*** Opening DATA RECORDS ***

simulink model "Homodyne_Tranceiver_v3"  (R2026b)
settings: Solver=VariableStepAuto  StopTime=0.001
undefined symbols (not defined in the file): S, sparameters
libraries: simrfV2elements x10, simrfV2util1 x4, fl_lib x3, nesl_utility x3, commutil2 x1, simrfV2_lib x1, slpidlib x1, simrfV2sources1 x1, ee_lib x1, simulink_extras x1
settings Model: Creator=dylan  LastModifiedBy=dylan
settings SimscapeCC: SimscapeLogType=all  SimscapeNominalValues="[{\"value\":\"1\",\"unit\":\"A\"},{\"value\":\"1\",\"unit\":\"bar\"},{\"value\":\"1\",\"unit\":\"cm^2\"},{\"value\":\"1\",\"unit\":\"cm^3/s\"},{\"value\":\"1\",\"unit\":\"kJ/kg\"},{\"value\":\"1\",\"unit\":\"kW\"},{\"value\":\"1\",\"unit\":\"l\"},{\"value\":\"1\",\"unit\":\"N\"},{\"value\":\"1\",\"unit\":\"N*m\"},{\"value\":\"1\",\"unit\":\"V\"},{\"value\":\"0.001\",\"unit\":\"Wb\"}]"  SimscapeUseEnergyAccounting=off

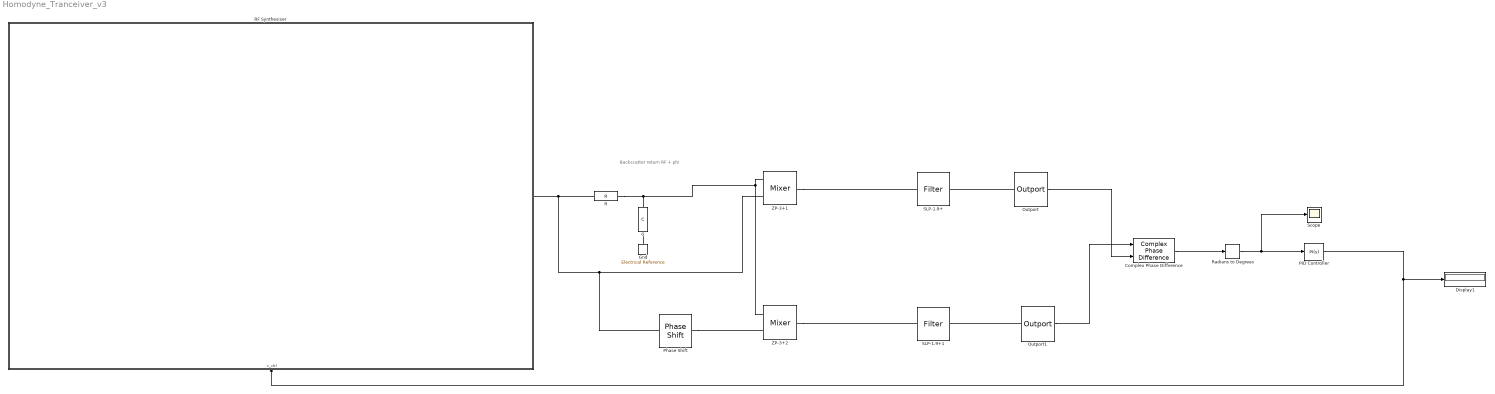
== system Homodyne_Tranceiver_v3 ==
  note: Backscatter return RF + phi
  C : simrfV2elements/C  classname=capacitor  Capacitance=139 pF
  Complex Phase Difference : commutil2/Complex Phase Difference
  Display1 : Display
  Gnd : simrfV2_lib/Elements/Electrical Reference
      settings: LibrarySourceBlock=simrfV2elements/Gnd
  Outport : simrfV2util1/Outport  SensorType=Ideal voltage  OutputFormat=Complex Baseband  CarrierFreq=0 MHz  ZL=Inf  AddNoise=off  InternalGrounding=on  StepSize=1e-09 s  AutoStep=on  HalfPolyphaseLength=12
  Outport1 : simrfV2util1/Outport  SensorType=Ideal voltage  OutputFormat=Complex Baseband  CarrierFreq=0 MHz  ZL=Inf  AddNoise=off  InternalGrounding=on  StepSize=1e-09 s  AutoStep=on  HalfPolyphaseLength=12
  PID Controller : slpidlib/PID Controller  Controller=PI  Form=Parallel  TimeDomain=Continuous-time  UseExternalTs=off  SampleTime=-1  IntegratorMethod=Forward Euler  FilterMethod=Forward Euler  ControllerParametersSource=internal  P=0.01  I=600  UseKiTs=off  D=0  UseExternalDerivativeSource=off  N=100  UseFilter=on  TunerSelectOption=Transfer Function Based (PID Tuner App)  InitialConditionSource=internal  InitialConditionForIntegrator=4  InitialConditionForFilter=0  DifferentiatorICPrevScaledInput=0  ExternalReset=none  TrackingMode=off  Kt=1  LimitOutput=on  SatLimitsSource=internal  UpperSaturationLimit=16  LowerSaturationLimit=1  LinearizeAsGain=on  AntiWindupMode=clamping  Kb=1  LimitIntegrator=off  UpperIntegratorSaturationLimit=inf  LowerIntegratorSaturationLimit=-inf  POutMin=[]  POutMax=[]  IOutMin=[]  IOutMax=[]  DOutMin=[]  DOutMax=[]  NOutMin=[]  NOutMax=[]  SumOutMin=[]  SumOutMax=[]  SaturationOutMin=[]  SaturationOutMax=[]  PParamMin=[]  PParamMax=[]  IParamMin=[]  IParamMax=[]  DParamMin=[]  DParamMax=[]  NParamMin=[]  NParamMax=[]  KbParamMin=[]  KbParamMax=[]  KtParamMin=[]  KtParamMax=[]  KbOutMin=[]  KbOutMax=[]  KtOutMin=[]  KtOutMax=[]  IntegratorOutMin=[]  IntegratorOutMax=[]  FilterOutMin=[]  FilterOutMax=[]  SumI1OutMin=[]  SumI1OutMax=[]  SumI2OutMin=[]  SumI2OutMax=[]  SumI3OutMin=[]  SumI3OutMax=[]  SumI4OutMin=[]  SumI4OutMax=[]  SumDOutMin=[]  SumDOutMax=[]  DifferentiatorOutMin=[]  DifferentiatorOutMax=[]  FilterDiffOutCoefMin=[]  FilterDiffOutCoefMax=[]  ReciprocalOutMin=[]  ReciprocalOutMax=[]  SumDenOutMin=[]  SumDenOutMax=[]  SumNumOutMin=[]  SumNumOutMax=[]  DivideOutMin=[]  DivideOutMax=[]  UdiffTsProdOutMin=[]  UdiffTsProdOutMax=[]  NTsProdOutMin=[]  NTsProdOutMax=[]  UintegralTsProdOutMin=[]  UintegralTsProdOutMax=[]  UngainTsProdOutMin=[]  UngainTsProdOutMax=[]  ClampingZeroOutDataTypeStr=Inherit: Inherit via back propagation  ClampingZeroOutMin=[]  ClampingZeroOutMax=[]  FilterDenConstantOutDataTypeStr=Inherit: Inherit via back propagation  FilterDenConstantOutMin=[]  FilterDenConstantOutMax=[]  PCopyOutDataTypeStr=Inherit: Inherit via back propagation  PCopyOutMin=[]  PCopyOutMax=[]  NCopyOutDataTypeStr=Inherit: Inherit via back propagation  NCopyOutMin=[]  NCopyOutMax=[]  IntegratorContinuousStateAttributes=''  IntegratorStateMustResolveToSignalObject=off  IntegratorRTWStateStorageClass=Auto  FilterContinuousStateAttributes=''  FilterStateMustResolveToSignalObject=off  FilterRTWStateStorageClass=Auto  ParallelPVariant=InternalParameters  IdealPVariant=Disabled  IVariant=InternalParameters  DVariant=Disabled  IntegratorVariant=Continuous  SatVariant=Enabled  AWVariant=ContClampingParallel  PCopyVariant=Disabled  TRVariant=Disabled  FdbkBlocksVariant=Forward  IdealPFdbkVariant=Disabled  SatFdbkVariant=Disabled  DerivativeFilterVariant=Disabled  NVariant=Disabled  NCopyVariant=Disabled_SignalSpec  FilterICVariant=Disabled  IntegratorICVariant=InternalICs  ExternalResetVariant=Disabled  TRSumVariant=Passthrough  SumFdbkVariant=Disabled  SumVariant=Sum_PI  TsampFilterVariant=InternalTs  TsampNgainVariant=Passthrough  TsampIntegralVariant=Disabled_SignalSpec  ExternalSaturationOutDataTypeStr=Inherit: Same as second input  DerivativeSourceVariant=Disabled  PreIntVariant=InternalPreInt
  Phase Shift : simrfV2elements/Phase Shift  PhaseShift=90 deg  InternalGrounding=on  PCBConvertable=on  PCBObjDesign={'design(phaseShifter,<DesignFreq>,''PhaseShift'',convert2Deg(<PhaseShift>,<PhaseShift_unit>))'}  PCBObjAllowed={{'phaseShifter'}}  PCBObjReroute={cell(1,0)}
  R : simrfV2elements/R  classname=resistor  Resistance=50 Ohm  AddNoise=on
  RF Synthesiser : Subsystem
      settings: PortSchema="{\"entries\":[{\"content\":{\"sides\":[{\"content\":{},\"type\":\"ConnectorPlacement.EquallySpacedRectSide\",\"uuid\":\"860778b0-137a-41ae-b7e0-f3ff562ae158\"},{\"content\":{\"connectorIds\":[\"RConn1\"],\"side\":\"RIGHT\"},\"type\":\"ConnectorPlacement.EquallySpacedRectSide\",\"uuid\":\"3be3f155-9c00-40bd-a560-b966d1cb54b3\"},{\"content\":{\"side\":\"TOP\"},\"type\":\"ConnectorPlacement.EquallySpacedRectSide\",\"uuid\":\"ab173a85-9f9a-436e-93c4-3cbd30c66835\"},{\"content\":{\"connectorIds\":[\"In1\"],\"side\":\"BOTTOM\"},\"type\":\"ConnectorPlacement.EquallySpacedRectSide\",\"uuid\":\"8e8f3058-61e1-4d47-8949-bf2a57e4e299\"}]},\"type\":\"ConnectorPlacement.EquallySpacedConnector\",\"uuid\":\"06351b81-de3c-49f3-a1c6-e9451bbace4c\"}],\"packageUris\":[\"http://schema.mathworks.com/mf0/Connector/R2020b\"],\"version\":\"1.0\"}"
  Radians to Degrees : simulink_extras/Transformations/Radians to Degrees
  SLP-1.9+ : simrfV2elements/Filter  classname=filter  DesignMethod=Butterworth  ResponseType=Lowpass  Implementation=LC Tee  ImplementationIdeal=Constant per carrier  ImplementationRational=Transfer function  UseFilterOrder=off  FilterOrder=3  PassFreq_lp=2.5 MHz  PassFreq_hp=2 GHz  PassFreq_bp=[2 3] GHz  PassFreq_bs=[1 4] GHz  PassAtten=10*log10(2)  StopFreq_lp=4.7 MHz  StopFreq_hp=1 GHz  StopFreq_bp=[1.5 3.5] GHz  StopFreq_bs=[2.1 2.9] GHz  StopAtten=40  Rsrc=50  Rload=50  AutoImpulseLength=on  ImpulseLength=1e-10 s  InternalGrounding=on  PlotFuncLeft=Voltage transfer  PlotLeftForm=Magnitude (dB)  PlotRightOnVT=None  PlotRightNoTD=None  PlotRightNoGD=None  PlotRightNoIR=None  PlotRightNoSR=None  PlotRightForm=Magnitude (dB)  FreqPoints=logspace(0,10,101)  Freq_unit=Hz  TimePoints=linspace(0,1,1e6+1)  Time_unit=s  XaxisScale=Linear  YaxisScale=Linear  needRedraw=0
  SLP-1.9+1 : simrfV2elements/Filter  classname=filter  DesignMethod=Butterworth  ResponseType=Lowpass  Implementation=LC Tee  ImplementationIdeal=Constant per carrier  ImplementationRational=Transfer function  UseFilterOrder=off  FilterOrder=3  PassFreq_lp=2.5 MHz  PassFreq_hp=2 GHz  PassFreq_bp=[2 3] GHz  PassFreq_bs=[1 4] GHz  PassAtten=10*log10(2)  StopFreq_lp=4.7 MHz  StopFreq_hp=1 GHz  StopFreq_bp=[1.5 3.5] GHz  StopFreq_bs=[2.1 2.9] GHz  StopAtten=40  Rsrc=50  Rload=50  AutoImpulseLength=on  ImpulseLength=1e-10 s  InternalGrounding=on  PlotFuncLeft=Voltage transfer  PlotLeftForm=Magnitude (dB)  PlotRightOnVT=None  PlotRightNoTD=None  PlotRightNoGD=None  PlotRightNoIR=None  PlotRightNoSR=None  PlotRightForm=Magnitude (dB)  FreqPoints=logspace(0,10,101)  Freq_unit=Hz  TimePoints=linspace(0,1,1e6+1)  Time_unit=s  XaxisScale=Linear  YaxisScale=Linear  needRedraw=0
  Scope : Scope
      settings: ActiveDisplayYMinimum=66.593123452666475  ActiveDisplayYMaximum=191.8815425426173
  ZP-3+1 : simrfV2elements/Mixer  classname=mixer  Source_linear_gain=Available power gain  linear_gain=-4.7 dB  Zin=50  Zout=50  ZLO=Inf  Poly_Coeffs=[0 1]  IPType=Input  IP2=Inf dBm  IP3=Inf dBm  P1dB=Inf dBm  Psat=Inf dBm  Gcomp=Inf dBm  NF=0  InternalGrounding=on
  ZP-3+2 : simrfV2elements/Mixer  classname=mixer  Source_linear_gain=Available power gain  linear_gain=-4.7 dB  Zin=50  Zout=50  ZLO=Inf  Poly_Coeffs=[0 1]  IPType=Input  IP2=Inf dBm  IP3=Inf dBm  P1dB=Inf dBm  Psat=Inf dBm  Gcomp=Inf dBm  NF=0  InternalGrounding=on
  wires:
  PID Controller/1 -> RF Synthesiser/1(v_ctrl), Display1/1
  Outport/1 -> Complex Phase Difference/2
  Outport1/1 -> Complex Phase Difference/1
  Complex Phase Difference/1 -> Radians to Degrees/1
  Radians to Degrees/1 -> Scope/1, PID Controller/1
  connections:
  ZP-3+1/RConn1 -- SLP-1.9+/LConn1
  Outport/LConn1 -- SLP-1.9+/RConn1
  RF Synthesiser/RConn1 -- R/LConn1 -- Phase Shift/LConn1 -- ZP-3+1/LConn2
  Phase Shift/RConn1 -- ZP-3+2/LConn2
  ZP-3+2/RConn1 -- SLP-1.9+1/LConn1
  Outport1/LConn1 -- SLP-1.9+1/RConn1
  ZP-3+1/LConn1 -- C/LConn1 -- R/RConn1 -- ZP-3+2/LConn1
  Gnd/LConn1 -- C/RConn1

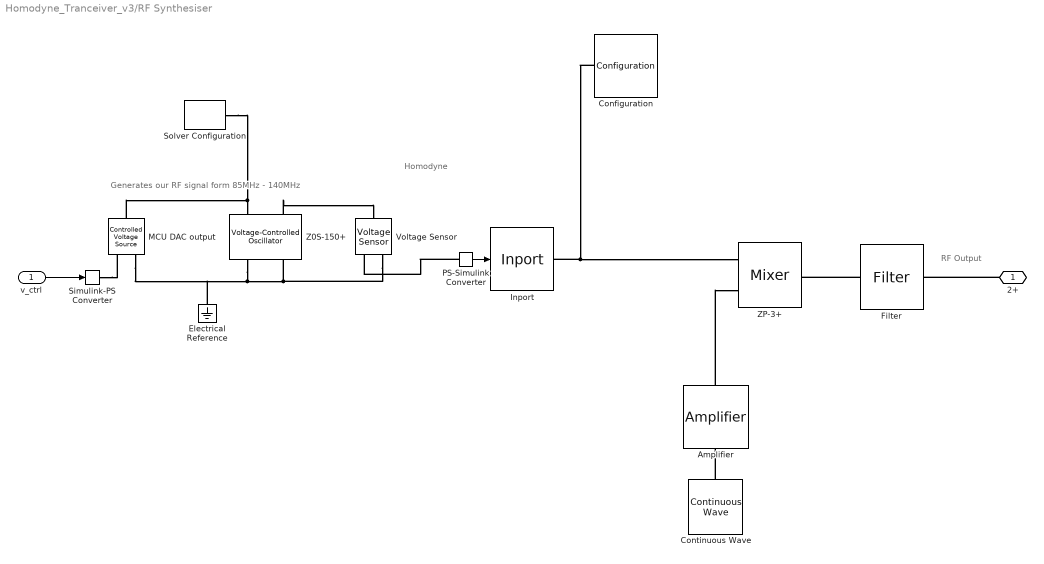
== system Homodyne_Tranceiver_v3/RF Synthesiser ==
  note: RF Output
  note: Homodyne
  note: Generates our RF signal form 85MHz - 140MHz
  v_ctrl : Inport
  Amplifier : simrfV2elements/Amplifier  classname=amplifier  DataSource=Data file  File=unitygain.s2p  isNetworkObj=off  NetworkObject=sparameters('default.s2p')  Paramtype=S-parameters  Sparam=[0 0;1 0]  SparamFreq=1e9 Hz  SparamZ0=50  isRationalObj=off  RationalObject=rational('unitygain.s2p', TendsToZero=false)  Residues=0  Poles=0  DF={0 0; 1 0}  Source_linear_gain=Available power gain  linear_gain=7 dB  AmAmAmPmTable=[-25,5,-1;-10,20,-2;0,27,5;5,28,12]  Zin=50  Zout=50  Poly_Coeffs=[0 1]  IPType=Output  IP2=inf dBm  IP3=inf dBm  P1dB=inf dBm  Psat=inf dBm  Gcomp=inf dBm  InternalGrounding=on  SourceFreq=Extracted from data source  PlotFreq=[1e9:1e6:3e9] Hz  PlotType=X-Y plane  YParam1=S(1,1)  YFormat1=Magnitude (dB)  YParam2=None  YFormat2=Magnitude (dB)  YOption=Linear  XOption=Linear  SparamRepresentation=Time domain  FitTol=-40  FitOpt=Fit individually  MaxPoles=48  AutoImpulseLength=on  ImpulseLength=1e-10 s  MagModeling=off  AddNoise=on  NoiseType=Noise figure  NoiseDist=White  NF=0  MinNF=0  Gopt=0  RN=0  CarrierFreq=0 Hz  NoiseAutoImpulseLength=on  NoiseImpulseLength=1e-10 s  ConstS21NL=off  OpFreq=1 GHz  SetOpFreqAsMaxS21=off
  Configuration : simrfV2util1/Configuration  AutoFreq=on  Tones=[0] Hz  Harmonics=[7]  NormalizeCarrierPower=on  SolverType=Auto  UseCCode=on  StepSize=1 ns  AddNoise=on  defaultRNG=on  Seed=0  Temperature=290.0 K  SolverDelFlag=0  AbsTol=1e-6  RelTol=1e-3  MaxIter=10  ErrorEstimationType=2-norm over all variables  EnableInterpFilter=on  HiddenFIRfilterControllerParam=on  SmallSignalApprox=off  AllSimFreqs=on  SimFreqs=[] Hz  SimFreqsInternal=[]  SamplesPerFrame=1
  Continuous Wave : simrfV2sources1/Continuous Wave  CWSourceType=Ideal voltage  Z0=0  IVoltage=1.782 V  ICurrent=0 A  MagPower=0 W  QVoltage=0 V  QCurrent=0 A  AnglePower=0  CarrierFreq=75 MHz  AddPhaseNoise=off  PhaseNoiseOffset=1  PhaseNoiseLevel=-Inf  AutoImpulseLength=on  ImpulseLength=1e-10 s  InternalGrounding=on
  Electrical Reference : fl_lib/Electrical/Electrical Elements/Electrical Reference
  Filter : simrfV2elements/Filter  classname=filter  DesignMethod=Butterworth  ResponseType=Lowpass  Implementation=LC Tee  ImplementationIdeal=Constant per carrier  ImplementationRational=Transfer function  UseFilterOrder=off  FilterOrder=3  PassFreq_lp=90 MHz  PassFreq_hp=2 GHz  PassFreq_bp=[2 3] GHz  PassFreq_bs=[1 4] GHz  PassAtten=10*log10(2)  StopFreq_lp=157 MHz  StopFreq_hp=1 GHz  StopFreq_bp=[1.5 3.5] GHz  StopFreq_bs=[2.1 2.9] GHz  StopAtten=40  Rsrc=50  Rload=50  AutoImpulseLength=on  ImpulseLength=1e-10 s  InternalGrounding=on  PlotFuncLeft=Voltage transfer  PlotLeftForm=Magnitude (dB)  PlotRightOnVT=None  PlotRightNoTD=None  PlotRightNoGD=None  PlotRightNoIR=None  PlotRightNoSR=None  PlotRightForm=Magnitude (dB)  FreqPoints=logspace(0,10,101)  Freq_unit=Hz  TimePoints=linspace(0,1,1e6+1)  Time_unit=s  XaxisScale=Linear  YaxisScale=Linear  needRedraw=0
  Inport : simrfV2util1/Inport  SimulinkInputSignalType=Ideal voltage  CarrierFreq=0 MHz  ZS=0  UseSqWave=off  NumCoeff=10  Bias=0  DutyCyc=50  AddNoise=off  InternalGrounding=on
  MCU DAC output : fl_lib/Electrical/Electrical Sources/Controlled Voltage Source
  PS-Simulink Converter : nesl_utility/PS-Simulink Converter  PhysicalDomain=network_engine_domain  SubClassName=ps_output  LeftPortType=input  RightPortType=output  PseudoPeriodic=off  Frequencies=[]  VectorFormat=inherit  Unit=inherit  AffineConversion=off
  Simulink-PS Converter : nesl_utility/Simulink-PS Converter  PhysicalDomain=network_engine_domain  SubClassName=ps_input  LeftPortType=input  RightPortType=output  PseudoPeriodic=off  Frequencies=[]  NoiseDistribution=none  NoiseParameters=[]  Unit=V  AffineConversion=off  FilteringAndDerivatives=filter  SimscapeFilterOrder=1  InputFilterTimeConstant=1e-7  UdotUserProvided=0
  Solver Configuration : nesl_utility/Solver Configuration  PhysicalDomain=network_engine_domain  SubClassName=solver  LeftPortType=input  RightPortType=generic  Tones=[]  Harmonics=[]  SimulateNoise=off  Profile=off  UseLocalSampling=off  EnableSwitchedLinearOptims=on  FrequencyDomain=off  UseCCode=off  RelTol=0.001  AbsTol=0.001  MinStep=1e-09  ToWorkspace=off  RevertToSquareIcSolve=off  NumHomotopyIterations=100  PhasorMode=off  PhasorModeNumHarmonics=1  ConsistencySolver=NEWTON_XTOL_AFTER_FTOL  CanonicalOrdering=CANONICAL  OptimizeIntermediates=OPTIMIZED  MulticoreSolverChoice=BACKWARD_EULER  IndexReductionMethod=DerivativeReplacement  DoDC=off  ResidualTolerance=1e-09  ConsistencyTolSource=GLOBAL  ConsistencyAbsTol=0.001  ConsistencyRelTol=0.001  ConsistencyTolFactor=0.001  UseLocalSolver=off  LocalSolverChoice=NE_BACKWARD_EULER_ADVANCER  ResolveIndetEquations=on  FunctionEvalNumThread=1  LocalSolverSampleTime=0.001  DoFixedCost=off  MaxNonlinIter=3  MaxModeIter=2  ComputeImpulses=off  ImpulseIterations=2  LinearAlgebra=auto  LinearAlgebraNumThread=0  EquationFormulation=NE_TIME_EF  DelaysMemoryBudget=1024  AutomaticFiltering=on  FilteringTimeConstant=0.001  PartitionStorageMethod=AS_NEEDED  PartitionMemoryBudget=1024  PartitionMethod=BALANCED  MultibodyUseLocalSolver=off  MultibodyLocalSolverChoice=ODE1  MultibodyLocalSolverSampleTime=0.001
  Voltage Sensor : fl_lib/Electrical/Electrical Sensors/Voltage Sensor
  Z0S-150+ : ee_lib/Integrated Circuits/Voltage-Controlled Oscillator  tabulated=ee.enum.ic.vcoFrequencyDependence.linear  f_nom=75 MHz  v_nom=1 V  df_dv=5800000 Hz/V  v_min=1 V  v_max=16 V  v_vec=[0, .2, .4, .6, .8, 1] V  f_vec=[-1000, -329, -51, 162, 342, 500] Hz  v_out=1.782 V  r_in=inf Ohm  r_out=50 Ohm  model_dynamics=ee.enum.ic.vcoDynamics.no  time_constant=1.59e-6 s  f_ini=75 MHz
  ZP-3+ : simrfV2elements/Mixer  classname=mixer  Source_linear_gain=Available power gain  linear_gain=-4.7 dB  Zin=50  Zout=50  ZLO=Inf  Poly_Coeffs=[0 1]  IPType=Input  IP2=Inf dBm  IP3=Inf dBm  P1dB=Inf dBm  Psat=Inf dBm  Gcomp=Inf dBm  NF=4.7  InternalGrounding=on
  2+ : PMIOPort  Side=Right
  wires:
  PS-Simulink Converter/1 -> Inport/1
  v_ctrl/1 -> Simulink-PS Converter/1
  connections:
  Z0S-150+/LConn2 -- Voltage Sensor/LConn1
  MCU DAC output/LConn1 -- Solver Configuration/RConn1 -- Z0S-150+/LConn1
  Configuration/LConn1 -- ZP-3+/LConn1 -- Inport/RConn1
  Simulink-PS Converter/RConn1 -- MCU DAC output/RConn1
  Z0S-150+/RConn1 -- Electrical Reference/LConn1 -- MCU DAC output/RConn2 -- Voltage Sensor/RConn2 -- Z0S-150+/RConn2
  PS-Simulink Converter/LConn1 -- Voltage Sensor/RConn1
  Filter/LConn1 -- ZP-3+/RConn1
  Amplifier/RConn1 -- ZP-3+/LConn2
  2+/RConn1 -- Filter/RConn1
  Continuous Wave/LConn1 -- Amplifier/LConn1

*** Closing DATA RECORDS ***

EXERCISE REQUIREMENTS —
There is a line with "PS-Simulink Converter/1 -> Inport/1" and a line with "Configuration/LConn1 -- ZP-3+/LConn1" above. Copy exactly those two lines and all lines between them, with nothing else.

RESPONSE FOR THIS EXERCISE —
  PS-Simulink Converter/1 -> Inport/1
  v_ctrl/1 -> Simulink-PS Converter/1
  connections:
  Z0S-150+/LConn2 -- Voltage Sensor/LConn1
  MCU DAC output/LConn1 -- Solver Configuration/RConn1 -- Z0S-150+/LConn1
  Configuration/LConn1 -- ZP-3+/LConn1 -- Inport/RConn1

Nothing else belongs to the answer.